Читаем Россия в годы Первой мировой войны: экономическое положение, социальные процессы, политический кризис полностью

В возникшей паузе назревавший конфликт попытались погасить как союзники, так и противники держав германского блока. Но миротворческие инициативы Парижа, Петербурга, Лондона и Рима не возымели на Вену и Берлин никакого действия. 23 июля, сразу после отъезда Пуанкаре и Вивиани из России и спустя две недели после потсдамского совещания у кайзера, беспримерно для европейской практики оскорбительный по тону и смыслу 48-часовой австрийский ультиматум был Сербии предъявлен. Австрийские дипломаты, как им и было приказано, не дожидаясь ответа, демонстративно покинули Белград, но сербское правительство, поразив мир своей уступчивостью, согласилось на большую часть его условий, со своей стороны предложив передать дело на рассмотрение Международного трибунала в Гааге (первопричину смиренности Сербии историк Д. Гейер видит в стремлении царской дипломатии избежать доведения дела до вооруженного конфликта{268}).
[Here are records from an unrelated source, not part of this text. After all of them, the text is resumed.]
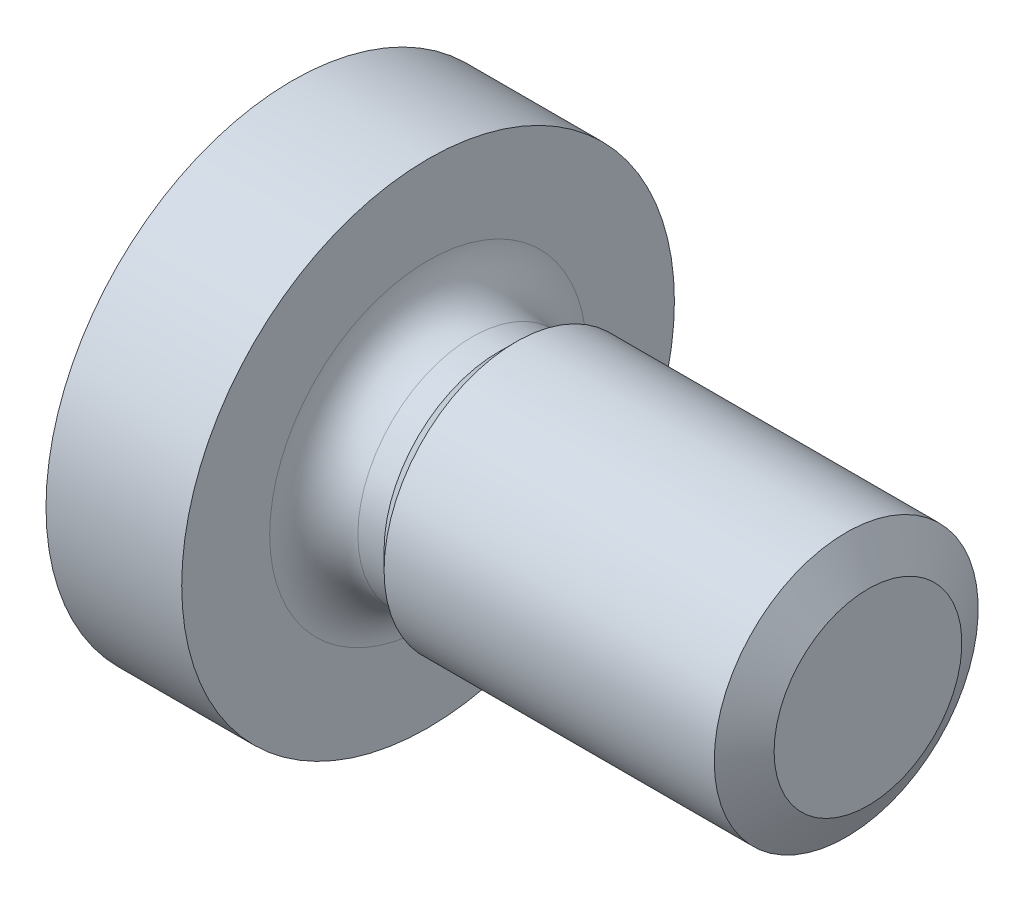
from build123d import *


with BuildPart() as part:
    # 草图2 → Revolve 709 (revolve)
    with BuildSketch(Plane.XY, mode=Mode.PRIVATE) as revolve_709_sk:
        with BuildLine():
            Line((0, 0), (7.4, 0))
            Line((7.4, 0), (7.4, 1.5))
            Line((7.4, 1.5), (3.4, 1.5))
            Line((3.4, 1.5), (3.199, 1.299))
            Line((3.199, 1.299), (2.901, 1.299))
            ThreePointArc((2.901, 1.299), (2.546739503, 1.445739503), (2.4, 1.8))
            Line((2.4, 1.8), (2.4, 2.8))
            Line((2.4, 2.8), (0.857536965, 2.8))
            ThreePointArc((0.857536965, 2.8), (0.219188606, 1.464186604), (0, 0))
        make_face()
    revolve(revolve_709_sk.sketch.rotate(Axis((-1.331757704, 0, 0), (1, 0, 0)), 90), axis=Axis((-1.331757704, 0, 0), (1, 0, 0)))

    # 草图3 → 切除-旋转1 (revolve, cut)
    with BuildSketch(Plane.XY, mode=Mode.PRIVATE) as cut_revolve_1_sk:
        Polygon((7.152708003, 1.5), (7.652708003, 1.5), (7.4, 1.067), align=None)
    revolve(cut_revolve_1_sk.sketch.rotate(Axis((-0.242766179, 0, 0), (1, 0, 0)), 90), axis=Axis((-0.242766179, 0, 0), (1, 0, 0)), mode=Mode.SUBTRACT)

    # 草图5 → 切除-放样1 section 0
    with BuildSketch(Plane(origin=(0, 0, 0), x_dir=(0, 0, -1), z_dir=(1, 0, 0)), mode=Mode.PRIVATE) as loft_1_s0:
        with BuildLine():
            Line((0.25, 1.5), (-0.25, 1.5))
            Line((-0.25, 1.5), (-0.25, -1.5))
            Line((-0.25, -1.5), (0.25, -1.5))
            Line((0.25, -1.5), (0.25, 1.5))
        make_face()
    loft_1 = loft([Vertex(1.8, 0, 0), loft_1_s0.sketch], mode=Mode.SUBTRACT)

    # 镜向1: 切除-放样1 across plane
    add(loft_1.mirror(Plane(origin=(0, 0, 0), x_dir=(0, 0.7071067811865462, 0.7071067811865488), z_dir=(0, -0.7071067811865488, 0.7071067811865462))), mode=Mode.SUBTRACT)


solid = part.part

Германский император заявил, что сербский ответ исключает «основания для войны», однако при этом слукавил — австрийский посол одновременно сообщил из Берлина, что ему по-прежнему «советуют выступить немедленно, чтобы поставить мир перед свершившимся фактом». Об ожидаемом Вильгельмом выступлении Австро-Венгрии против Сербии Вену известил и германский посол{269}. В свою очередь Сазонов предостерег австрийского поверенного в делах в Петербурге от применения его правительством военных санкций в отношении Сербии. При этом русский министр фактически говорил от лица и своего, и французского кабинетов. В ходе только что состоявшегося визита французского президента стороны подтвердили верность союзническим обязательствам, обоюдное стремление отстаивать мир «в сознании своей силы», чести и достоинства, а также согласованность действий внешнеполитических ведомств и «братство» сухопутных и морских вооруженных сил двух стран{270}.[31] Но глава австрийской дипломатической миссии ничего определенного Сазонову пообещать не мог — он получил инструкцию Вены затягивать переговоры, не давая России ответа по существу. «Тройственное Согласие было готово принять дипломатическое унижение Сербии, но не ее порабощение вооруженной рукой, — замечает американский историк Бернадотт Шмитт. — Тройственный же союз, а точнее — центральные державы настаивали на военном решении. Таким образом, система союзов, изначально задуманная как гарант мира, на деле выступила механизмом для развязывания общей войны»{271}.

Условия австрийского ультиматума ошеломили Париж и Лондон. 24 июля, на первом с начала кризиса заседании сент-джеймского кабинета, руководители Форин офис подчеркнули необходимость единства действий своей страны с Францией и Россией, поскольку будущая «борьба будет вестись не за обладание Сербией, но между Германией, претендующей на установление политической диктатуры в Европе, с державами, которые стремятся отстоять свою свободу»{272}. Таким образом, в Лондоне уже тогда понимали, что локальным конфликтом дело не обойдется. Однако далее сбора флота в Портсмуте в преддверии его возможной мобилизации британские власти решили пока не идти (в предмобилизационную готовность свои сухопутные и военно-морские силы они привели 27 июля). Официальный Петербург также был не на шутку встревожен. Большинство пунктов австрийского ультиматума «неприемлемо для независимого государства», отметил Николай II{273}, и в ответ на телеграфный запрос Белграда заверил сербского монарха, что «Россия ни в каком случае не останется равнодушной к участи Сербии», но направит главные усилия к предотвращению войны, пока на это «остается хоть малейшая надежда»{274}. Германского посла в Петербурге руководитель русского дипломатического ведомства прямо предупредил, что «если Австрия проглотит Сербию, мы начнем с ней войну»{275}.